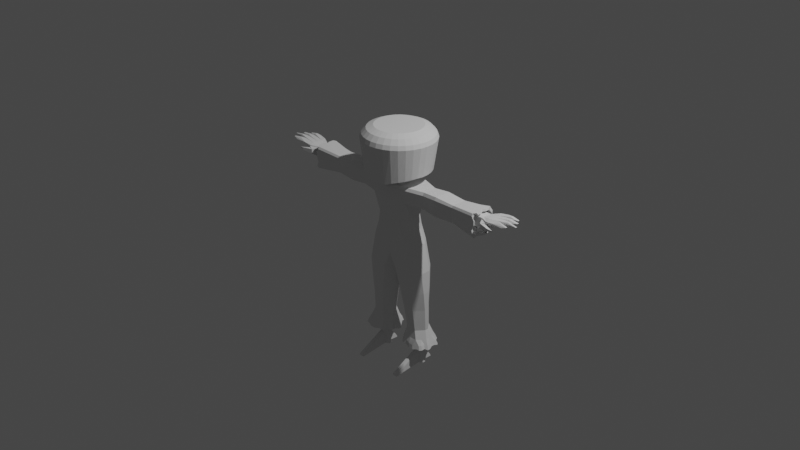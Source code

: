 # Source: ghostcatmodel.blend  (saved by Blender 3.4.6; exported with 4.5.12 LTS)
import bpy
from mathutils import Matrix  # noqa: F401  (used for matrix-valued properties, if any)

bpy.ops.wm.read_factory_settings(use_empty=True)
scene = bpy.context.scene
scene.name = 'Scene'

# ---- collections
col_collection = bpy.data.collections.new('Collection'); scene.collection.children.link(col_collection)

# ---- world
world_world = bpy.data.worlds.new('World'); scene.world = world_world
world_world.use_nodes = True; world_world.node_tree.nodes.clear()
_N = world_world.node_tree.nodes; _L = world_world.node_tree.links
n0 = _N.new('ShaderNodeOutputWorld'); n0.name = 'World Output'; n0.location = (300, 300)
n1 = _N.new('ShaderNodeBackground'); n1.name = 'Background'; n1.location = (10, 300)
n1.inputs[0].default_value = (0.05088, 0.05088, 0.05088, 1.0)
_L.new(n1.outputs[0], n0.inputs[0])
n0.is_active_output = True
world_world.color = (0.05088, 0.05088, 0.05088)
world_world.use_sun_shadow = False
world_world.sun_shadow_jitter_overblur = 0.0

# ---- cameras
cam_camera = bpy.data.cameras.new('Camera')
cam_camera.clip_end = 100.0
cam_camera.ortho_scale = 7.314

# ---- lights
light_light = bpy.data.lights.new('Light', 'POINT')
light_light.transmission_factor = 0.0
light_light.energy = 1000.0
light_light.shadow_soft_size = 0.1
light_light.shadow_maximum_resolution = 0.006
light_light.use_absolute_resolution = True

# ---- meshes
me_cube = bpy.data.meshes.new('Cube')
me_cube.from_pydata([(-1.696, -0.4854, -1.083), (-1.0, -0.5016, 1.0), (-1.696, 0.6436, -1.047), (-1.0, 0.5373, 1.0), (-1.352, -0.4746, -0.4061), (-1.101, -0.4891, -0.09191), (-1.0, -0.4955, 0.2027), (-1.0, -0.5016, 0.6), (-1.0, 0.5373, 0.6), (-1.0, 0.5621, 0.2027), (-1.101, 0.5941, -0.1006), (-1.352, 0.6217, -0.4332), (0.0, -0.4746, -0.4061), (0.0, -0.4891, -0.09191), (0.0, -0.4955, 0.2027), (0.0, -0.6784, 0.6), (0.0, 0.6217, -0.4332), (0.0, 0.5941, -0.1006), (0.0, 0.5621, 0.2027), (0.0, 0.8082, 0.6), (1.0, -0.504, 0.9341), (1.0, -0.4376, 1.0), (1.0, 0.567, 1.0), (1.0, 0.6338, 0.9341), (1.0, 0.6338, 0.6659), (1.0, 0.567, 0.6), (0.9351, 0.6451, 0.6), (1.0, -0.4377, 0.6), (1.0, -0.504, 0.6659), (0.0, 0.7414, 1.0), (0.0, 0.8082, 0.9341), (0.0, -0.6784, 0.9341), (-9.313e-10, -0.612, 1.0), (4.292, 0.2291, 0.9717), (4.292, 0.2167, 0.9893), (4.292, -0.1811, 0.9893), (4.292, -0.1934, 0.9717), (4.292, 0.2167, 0.7565), (4.292, 0.2291, 0.7741), (4.292, -0.1934, 0.7741), (4.292, -0.1811, 0.7565), (1.915, -0.2673, 0.5963), (1.915, -0.3336, 0.6622), (2.689, -0.3161, 0.568), (2.689, -0.3823, 0.6339), (3.677, -0.3318, 0.6443), (3.677, -0.2846, 0.5973), (3.677, -0.2845, 1.003), (3.677, -0.3318, 0.9557), (2.689, -0.316, 1.032), (2.689, -0.3823, 0.9661), (1.915, -0.3336, 0.9378), (1.915, -0.2672, 1.004), (1.915, 0.3693, 0.6622), (1.915, 0.3026, 0.5963), (2.689, 0.418, 0.6339), (2.689, 0.3514, 0.568), (3.677, 0.32, 0.5973), (3.677, 0.3674, 0.6443), (1.915, 0.3026, 1.004), (1.915, 0.3693, 0.9378), (2.689, 0.3514, 1.032), (2.689, 0.418, 0.9661), (3.677, 0.3674, 0.9557), (3.677, 0.32, 1.003), (5.088, 0.3008, 1.034), (5.092, 0.4578, 0.9264), (5.069, 0.5083, 0.9838), (5.065, 0.3576, 1.084), (5.114, -0.2774, 1.034), (5.091, -0.3345, 1.084), (4.976, -0.4726, 1.018), (4.999, -0.4221, 0.9609), (5.157, 0.4578, 0.6691), (4.999, 0.3849, 0.5662), (4.976, 0.4418, 0.5157), (5.133, 0.5083, 0.6116), (5.09, -0.4221, 0.6391), (5.067, -0.4726, 0.5816), (5.067, -0.4064, 0.5157), (5.09, -0.3492, 0.5662), (4.984, 0.3669, 1.015), (4.984, 0.4394, 0.943), (4.984, -0.4038, 0.943), (4.984, -0.3312, 1.015), (4.984, 0.4394, 0.657), (4.984, 0.3669, 0.5845), (4.984, -0.3312, 0.5845), (4.984, -0.4038, 0.657), (1.263, -0.4854, -1.083), (1.633, -0.1335, -1.072), (1.633, 0.2914, -1.059), (1.259, 0.6436, -1.047), (1.0, 0.2125, 0.2027), (0.6246, 0.5621, 0.2027), (1.0, 0.6221, 0.5351), (1.101, 0.244, -0.09777), (0.7249, 0.5941, -0.1006), (0.9762, 0.6217, -0.4332), (1.352, 0.2704, -0.4245), (1.0, -0.1479, 0.2027), (0.6329, -0.4955, 0.2027), (0.7313, -0.4891, -0.09191), (1.101, -0.1407, -0.0947), (1.352, -0.1248, -0.4148), (0.9809, -0.4746, -0.4061), (0.3735, 0.6436, -1.047), (3.725e-09, 0.2828, -1.059), (0.0, 0.6314, -0.7061), (0.0, -0.1236, -1.072), (0.3732, -0.4854, -1.083), (0.0, -0.4799, -0.7418), (1.423, 0.1019, -2.852), (1.283, 0.009785, -2.856), (1.283, 0.2919, -2.847), (1.423, 0.2059, -2.851), (1.052, 0.009785, -2.856), (0.9129, 0.1179, -2.851), (0.9129, 0.2111, -2.851), (1.052, 0.2919, -2.847), (0.1972, -0.02504, -1.587), (0.5708, -0.3875, -1.598), (0.358, 0.0551, -2.035), (0.7327, -0.3094, -2.046), (0.8546, -0.2274, -2.569), (0.5318, 0.08767, -2.559), (1.673, 0.08261, -2.559), (1.349, -0.2274, -2.569), (1.668, 0.04847, -2.035), (1.294, -0.3094, -2.046), (1.304, -0.3875, -1.598), (1.675, -0.03294, -1.587), (0.5711, 0.5963, -1.567), (0.1972, 0.2348, -1.578), (0.733, 0.5624, -2.019), (0.358, 0.1987, -2.03), (0.5318, 0.2176, -2.555), (0.8549, 0.532, -2.545), (1.675, 0.2418, -1.578), (1.301, 0.5963, -1.567), (1.668, 0.2047, -2.03), (1.292, 0.5624, -2.019), (1.347, 0.532, -2.545), (1.673, 0.2222, -2.555), (1.654, -0.3718, -2.964), (2.03, -0.05839, -2.983), (2.027, 0.4603, -2.964), (1.629, 0.7657, -2.951), (0.3527, -0.05177, -2.954), (0.6796, -0.3718, -2.964), (0.6301, 0.7513, -2.946), (0.3527, 0.3953, -2.94), (1.555, -0.2762, -2.9), (1.889, 0.04528, -2.89), (1.889, 0.2985, -2.882), (1.553, 0.6189, -2.872), (0.4484, 0.04942, -2.89), (0.7795, -0.2762, -2.9), (0.7801, 0.6189, -2.872), (0.4484, 0.2947, -2.882), (0.9351, -0.5153, 0.6), (1.412, 0.098, -3.132), (1.412, 0.2166, -3.132), (0.9342, 0.1163, -3.132), (0.9342, 0.2231, -3.132), (1.223, -0.02204, -3.134), (1.286, -0.01244, -3.192), (1.317, 0.02402, -3.134), (1.287, -0.02075, -3.077), (1.059, -0.01244, -3.192), (1.122, -0.02204, -3.134), (1.058, -0.02075, -3.077), (1.029, 0.02434, -3.134), (1.285, -1.161, -3.569), (1.059, -1.161, -3.569), (1.253, -1.139, -3.513), (1.278, -1.166, -3.534), (1.067, -1.166, -3.534), (1.092, -1.139, -3.513), (1.283, 0.2911, -3.157), (1.257, 0.2859, -3.128), (1.283, 0.2883, -3.104), (1.301, 0.2749, -3.128), (1.088, 0.2859, -3.128), (1.062, 0.2911, -3.157), (1.043, 0.2756, -3.128), (1.062, 0.2883, -3.104), (1.166, 0.7589, -3.492), (1.145, 0.7801, -3.534), (1.178, 0.7589, -3.492), (1.199, 0.7801, -3.534), (1.31, 0.3487, -3.483), (1.035, 0.3487, -3.483), (1.161, 0.7628, -3.559), (1.145, 0.7808, -3.542), (1.199, 0.7808, -3.542), (1.184, 0.7628, -3.559), (1.311, 0.03734, -3.49), (1.296, 0.03998, -3.505), (1.049, 0.03998, -3.505), (1.034, 0.03734, -3.49), (1.276, -1.138, -3.595), (1.285, -1.161, -3.571), (1.059, -1.161, -3.571), (1.069, -1.138, -3.595), (1.468, 0.1331, -3.509), (1.479, 0.1238, -3.496), (1.468, 0.2394, -3.508), (1.479, 0.2458, -3.495), (0.8792, 0.1511, -3.509), (0.8681, 0.1426, -3.496), (0.8792, 0.2452, -3.508), (0.8681, 0.2518, -3.495), (1.289, 0.3388, -3.504), (1.25, 0.3642, -3.505), (1.323, 0.3293, -3.505), (1.316, 0.3463, -3.491), (1.056, 0.3388, -3.504), (1.097, 0.3642, -3.505), (1.021, 0.3295, -3.505), (1.028, 0.3464, -3.491), (1.296, 0.03998, -3.505), (1.313, 0.03893, -3.492), (1.032, 0.03911, -3.492), (1.049, 0.03998, -3.505), (0.6932, -0.06989, -2.564), (0.4422, 0.01795, -2.756), (0.5162, -0.2118, -2.959), (0.7671, -0.2996, -2.766), (0.6933, 0.3748, -2.55), (0.7674, 0.6233, -2.737), (0.5164, 0.5549, -2.935), (0.4422, 0.3064, -2.747), (1.51, 0.3771, -2.55), (1.829, 0.3109, -2.747), (1.819, 0.5571, -2.935), (1.5, 0.6233, -2.737), (1.879, -0.2719, -2.972), (1.829, 0.01303, -2.757), (1.511, -0.07242, -2.564), (1.501, -0.2996, -2.766), (1.102, -0.2274, -2.569), (0.5318, 0.1526, -2.557), (0.2531, 0.1912, -2.965), (1.188, -0.4286, -2.996), (1.673, 0.1524, -2.557), (1.985, 0.1716, -2.947), (1.101, 0.532, -2.545), (1.166, 0.7145, -2.93), (1.665, -0.1433, -2.762), (1.664, 0.4671, -2.742), (0.6048, 0.4649, -2.742), (0.6047, -0.1408, -2.761), (0.4422, 0.1622, -2.752), (1.133, 0.6233, -2.737), (1.134, -0.2996, -2.766), (1.829, 0.162, -2.752), (0.6125, 0.00889, -2.561), (0.3975, -0.01691, -2.855), (0.5979, -0.2918, -2.962), (0.8108, -0.2635, -2.668), (0.7741, 0.4534, -2.547), (0.6738, 0.7056, -2.85), (0.4345, 0.4751, -2.937), (0.487, 0.262, -2.651), (1.591, 0.2996, -2.552), (1.949, 0.416, -2.868), (1.735, 0.6358, -2.932), (1.423, 0.5776, -2.641), (1.902, -0.1353, -2.957), (1.751, 0.04782, -2.658), (1.43, -0.1499, -2.566), (1.578, -0.3357, -2.865), (1.225, -0.2274, -2.569), (0.5318, 0.1201, -2.558), (0.3527, 0.06, -2.95), (1.431, -0.4286, -2.996), (1.673, 0.1175, -2.558), (1.985, 0.2856, -2.943), (0.9778, 0.532, -2.545), (0.8731, 0.7513, -2.946), (0.7739, -0.1487, -2.566), (0.487, 0.05281, -2.658), (0.4344, -0.1318, -2.957), (0.7234, -0.3357, -2.865), (0.6125, 0.2962, -2.552), (0.8111, 0.5776, -2.641), (0.5982, 0.6347, -2.932), (0.3975, 0.3509, -2.844), (1.428, 0.4545, -2.547), (1.751, 0.2666, -2.651), (1.944, 0.5391, -2.962), (1.553, 0.72, -2.854), (1.796, -0.3507, -2.975), (1.952, -0.0236, -2.884), (1.592, 0.005093, -2.561), (1.425, -0.2635, -2.668), (0.9781, -0.2274, -2.569), (0.5318, 0.1851, -2.556), (0.2531, 0.303, -2.961), (0.9232, -0.3718, -2.964), (1.673, 0.1873, -2.556), (2.03, 0.05567, -2.979), (1.224, 0.532, -2.545), (1.386, 0.7657, -2.951), (1.583, -0.2214, -2.764), (1.747, -0.06513, -2.759), (1.802, -0.2365, -2.874), (1.588, -0.1079, -2.663), (1.582, 0.5452, -2.74), (1.746, 0.389, -2.745), (1.587, 0.4221, -2.646), (1.741, 0.5121, -2.838), (0.5235, 0.3856, -2.745), (0.6861, 0.5441, -2.74), (0.6491, 0.4198, -2.646), (0.5606, 0.5099, -2.838), (0.6859, -0.2202, -2.764), (0.5235, -0.06144, -2.759), (0.6489, -0.1054, -2.663), (0.5604, -0.1763, -2.86), (0.2979, 0.1864, -2.867), (0.487, 0.1574, -2.654), (0.4422, 0.09007, -2.754), (0.4422, 0.2343, -2.75), (1.15, 0.6689, -2.833), (1.117, 0.5776, -2.641), (0.9505, 0.6233, -2.737), (1.317, 0.6233, -2.737), (1.171, -0.3925, -2.897), (1.118, -0.2635, -2.668), (1.318, -0.2996, -2.766), (0.9507, -0.2996, -2.766), (1.907, 0.1668, -2.849), (1.751, 0.1572, -2.654), (1.829, 0.2365, -2.749), (1.829, 0.08751, -2.754), (1.751, 0.1025, -2.656), (1.751, 0.2119, -2.653), (1.907, 0.2611, -2.846), (0.9644, -0.2635, -2.668), (1.271, -0.2635, -2.668), (1.385, -0.3925, -2.897), (1.27, 0.5776, -2.641), (0.9641, 0.5776, -2.641), (0.8868, 0.7056, -2.85), (0.487, 0.2097, -2.653), (0.487, 0.1051, -2.656), (0.3975, 0.07504, -2.852), (0.479, -0.0966, -2.858), (0.568, -0.02627, -2.66), (0.7299, -0.1844, -2.665), (0.6422, 0.5894, -2.836), (0.7301, 0.4987, -2.643), (0.568, 0.3409, -2.648), (1.866, 0.4944, -2.865), (1.669, 0.3443, -2.648), (1.505, 0.4999, -2.643), (1.669, -0.03002, -2.66), (1.824, -0.1002, -2.858), (1.72, -0.315, -2.876), (1.506, -0.1857, -2.665), (1.659, 0.5905, -2.836), (0.479, 0.4304, -2.841), (0.6419, -0.256, -2.863), (0.2979, 0.2784, -2.864), (1.34, 0.72, -2.854), (0.9369, -0.3357, -2.865), (1.952, 0.07067, -2.881), (5.077, 0.3292, 1.059), (4.999, 0.4213, 0.9974), (5.08, 0.483, 0.9551), (4.976, 0.475, 1.051), (4.999, -0.3857, 0.9974), (5.103, -0.3059, 1.059), (4.976, -0.4394, 1.051), (4.987, -0.4474, 0.9897), (5.145, 0.483, 0.6404), (4.999, 0.4213, 0.6026), (4.987, 0.4133, 0.5409), (4.976, 0.475, 0.5487), (5.09, -0.3857, 0.6026), (5.078, -0.4474, 0.6103), (5.067, -0.4395, 0.5487), (5.078, -0.3778, 0.5409), (4.976, 0.01772, 1.084), (4.999, 0.01784, 1.034), (4.999, 0.4578, 0.8), (4.976, 0.5083, 0.8), (5.084, -0.4726, 0.8221), (5.107, -0.4221, 0.8221), (5.158, 0.01784, 0.5662), (5.134, 0.01769, 0.5157), (5.146, 0.01776, 0.5409), (5.096, -0.4474, 0.8221), (4.987, 0.483, 0.8), (4.987, 0.01778, 1.059), (5.082, 0.315, 1.046), (4.999, 0.4396, 0.9792), (5.074, 0.4957, 0.9695), (4.976, 0.4584, 1.068), (4.999, -0.3674, 1.016), (5.097, -0.3202, 1.072), (4.976, -0.456, 1.035), (4.993, -0.4348, 0.9753), (5.151, 0.4704, 0.6547), (4.999, 0.4031, 0.5844), (4.982, 0.4275, 0.5283), (4.976, 0.4916, 0.5651), (5.09, -0.4039, 0.6208), (5.072, -0.46, 0.596), (5.067, -0.4229, 0.5322), (5.084, -0.3635, 0.5535), (5.091, -0.1225, 1.084), (5.088, 0.1173, 1.034), (5.157, 0.4578, 0.7496), (5.069, 0.5083, 0.8746), (4.976, -0.4726, 0.6908), (5.107, -0.4221, 0.9026), (4.999, -0.1657, 0.5662), (5.134, 0.2297, 0.5157), (5.071, 0.3434, 1.072), (4.999, 0.4031, 1.016), (5.086, 0.4704, 0.9407), (4.976, 0.4916, 1.035), (4.999, -0.4039, 0.9792), (5.109, -0.2917, 1.046), (4.976, -0.4229, 1.068), (4.982, -0.46, 1.004), (5.139, 0.4957, 0.626), (4.999, 0.4396, 0.6208), (4.993, 0.3991, 0.5535), (4.976, 0.4584, 0.5322), (5.09, -0.3674, 0.5844), (5.084, -0.4348, 0.6247), (5.067, -0.456, 0.5651), (5.072, -0.3921, 0.5283), (5.065, 0.1456, 1.084), (5.114, -0.09387, 1.034), (5.092, 0.4578, 0.8459), (5.133, 0.5083, 0.7208), (5.084, -0.4726, 0.9313), (4.999, -0.4221, 0.7195), (5.158, 0.2014, 0.5662), (4.976, -0.1943, 0.5157), (5.14, 0.01772, 0.5283), (5.152, 0.0178, 0.5535), (4.987, -0.18, 0.5409), (5.102, -0.4348, 0.8221), (5.09, -0.46, 0.8221), (5.096, -0.4474, 0.917), (4.987, -0.4474, 0.7052), (4.982, 0.4957, 0.8), (4.993, 0.4704, 0.8), (5.08, 0.483, 0.8603), (5.145, 0.483, 0.7352), (4.993, 0.01781, 1.046), (4.982, 0.01775, 1.072), (5.077, 0.1314, 1.059), (5.103, -0.1082, 1.059), (4.987, 0.4656, 0.593), (4.987, -0.3952, 1.042), (4.987, 0.4307, 1.042), (4.987, 0.4656, 1.007), (4.993, 0.4526, 0.9931), (4.993, 0.4169, 1.029), (4.982, 0.4446, 1.055), (4.982, -0.409, 1.055), (4.993, -0.3813, 1.029), (4.993, 0.4526, 0.6069), (4.982, 0.4786, 0.5791), (5.097, -0.1153, 1.072), (5.071, 0.1385, 1.072), (5.082, 0.1244, 1.046), (5.151, 0.4704, 0.7424), (5.086, 0.4704, 0.8531), (5.074, 0.4957, 0.8674), (4.982, -0.46, 0.698), (5.09, -0.46, 0.9241), (5.102, -0.4348, 0.9098), (4.993, -0.1728, 0.5535), (4.982, -0.1872, 0.5283), (4.993, -0.4348, 0.7123), (5.139, 0.4957, 0.728), (5.109, -0.101, 1.046), (4.982, 0.4786, 1.021), (4.292, -0.3762, 0.9327), (4.292, -0.3039, 1.005), (4.292, 0.3396, 1.005), (4.292, 0.4119, 0.9327), (4.292, 0.4119, 0.6673), (4.292, 0.3396, 0.5951), (4.292, -0.3039, 0.5951), (4.292, -0.3762, 0.6673), (5.27, -0.2191, 0.9606), (5.27, -0.2052, 0.9804), (5.27, 0.242, 0.9804), (5.27, 0.2559, 0.9606), (5.27, 0.2559, 0.7397), (5.27, 0.242, 0.7199), (5.27, -0.2052, 0.7199), (5.27, -0.2191, 0.7397), (5.68, -0.3969, 0.9668), (5.68, -0.3859, 1.002), (5.68, 0.3701, 1.042), (5.68, 0.392, 0.9668), (5.68, 0.392, 0.8908), (5.68, 0.3701, 0.8553), (5.68, -0.3333, 0.8553), (5.68, -0.3969, 0.8908), (6.153, -0.3026, 0.948), (6.2, -0.2971, 0.9613), (6.2, 0.2813, 0.9613), (6.153, 0.2976, 0.948), (6.053, 0.2976, 0.9196), (6.006, 0.2813, 0.9064), (6.006, -0.2445, 0.9064), (6.053, -0.3026, 0.9196), (4.292, -0.143, 1.005), (4.292, 0.01784, 1.005), (4.292, 0.1787, 1.005), (4.984, 0.1924, 1.015), (4.984, 0.01784, 1.015), (4.984, -0.1567, 1.015), (4.292, -0.08161, 0.9893), (4.292, 0.01784, 0.9893), (4.292, 0.1173, 0.9893), (5.27, -0.09339, 0.9804), (5.27, 0.0184, 0.9804), (5.27, 0.1302, 0.9804), (5.68, -0.2193, 1.032), (5.671, 0.008005, 1.027), (5.691, 0.2041, 1.027), (6.103, -0.164, 0.9888), (6.103, 0.0184, 0.9888), (6.307, 0.303, 1.08), (6.307, 0.3995, 1.08), (6.042, 0.418, 1.064), (6.55, 0.4101, 1.025), (6.667, 0.3995, 1.046), (6.134, 0.1916, 0.9801), (6.023, 0.1604, 0.9962), (6.137, 0.1531, 0.9922), (6.103, 0.1152, 0.9888), (6.56, 0.303, 1.056), (6.667, 0.3388, 1.046), (6.456, 0.1663, 1.088), (6.121, 0.1898, 1.067), (6.574, 0.194, 1.036), (6.875, 0.1654, 1.066), (6.082, 0.02322, 1.055), (6.446, 0.07447, 1.083), (6.875, 0.08434, 1.066), (6.594, 0.03623, 1.038), (6.632, -0.09624, 1.101), (6.249, -0.009695, 1.072), (6.704, -0.02399, 1.039), (7.06, -0.1064, 1.069), (6.303, -0.1989, 1.079), (6.635, -0.1536, 1.102), (7.06, -0.1633, 1.069), (6.738, -0.1873, 1.042), (6.401, -0.3154, 1.094), (6.212, -0.2652, 1.086), (6.649, -0.3216, 1.051), (6.819, -0.3664, 1.072), (6.01, -0.4339, 1.035), (6.39, -0.3646, 1.085), (6.807, -0.4246, 1.072), (6.574, -0.4558, 1.031), (5.446, -0.4743, 0.9443), (5.446, -0.4743, 0.8308), (5.683, -0.4073, 0.9467), (5.683, -0.4073, 0.8865), (5.943, -0.598, 0.9394), (5.943, -0.598, 0.8806), (6.18, -0.531, 0.9097), (6.18, -0.531, 0.8785)], [(2, 0), (7, 1), (1, 3), (11, 2), (0, 4), (4, 5), (5, 6), (6, 7), (3, 8), (8, 9), (9, 10), (10, 11), (12, 4), (13, 5), (14, 6), (15, 7), (4, 11), (5, 10), (6, 9), (7, 8), (11, 16), (10, 17), (9, 18), (8, 19), (29, 3), (32, 1), (108, 2), (111, 0)], [(24, 23, 60, 53), (64, 47, 70, 413, 385, 437, 68), (368, 294, 145, 302), (89, 105, 12, 111, 110), (102, 101, 14, 13), (18, 19, 26, 95, 94), (27, 25, 54, 41), (106, 92, 139, 132), (99, 96, 103, 104), (96, 93, 100, 103), (16, 17, 97, 98), (61, 49, 47, 64), (84, 523, 522, 521, 81, 65, 414, 386, 438, 69), (520, 488, 81, 521), (101, 160, 15, 14), (109, 107, 133, 120), (89, 110, 121, 130), (20, 28, 42, 51), (48, 45, 78, 417, 389, 441, 71), (19, 30, 23, 24, 26), (489, 490, 85, 82), (105, 102, 13, 12), (50, 44, 45, 48), (46, 57, 75, 420, 392, 444, 79), (93, 95, 25, 27, 100), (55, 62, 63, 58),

> [Your task]: Your answer should be the lines above from the one containing "cam_camera.clip_end = 100.0" through the one containing "me_cube = bpy.data.meshes.new('Cube')", copied exactly and with both ends kept.

> [Solved exercise]:
cam_camera.clip_end = 100.0
cam_camera.ortho_scale = 7.314

# ---- lights
light_light = bpy.data.lights.new('Light', 'POINT')
light_light.transmission_factor = 0.0
light_light.energy = 1000.0
light_light.shadow_soft_size = 0.1
light_light.shadow_maximum_resolution = 0.006
light_light.use_absolute_resolution = True

# ---- meshes
me_cube = bpy.data.meshes.new('Cube')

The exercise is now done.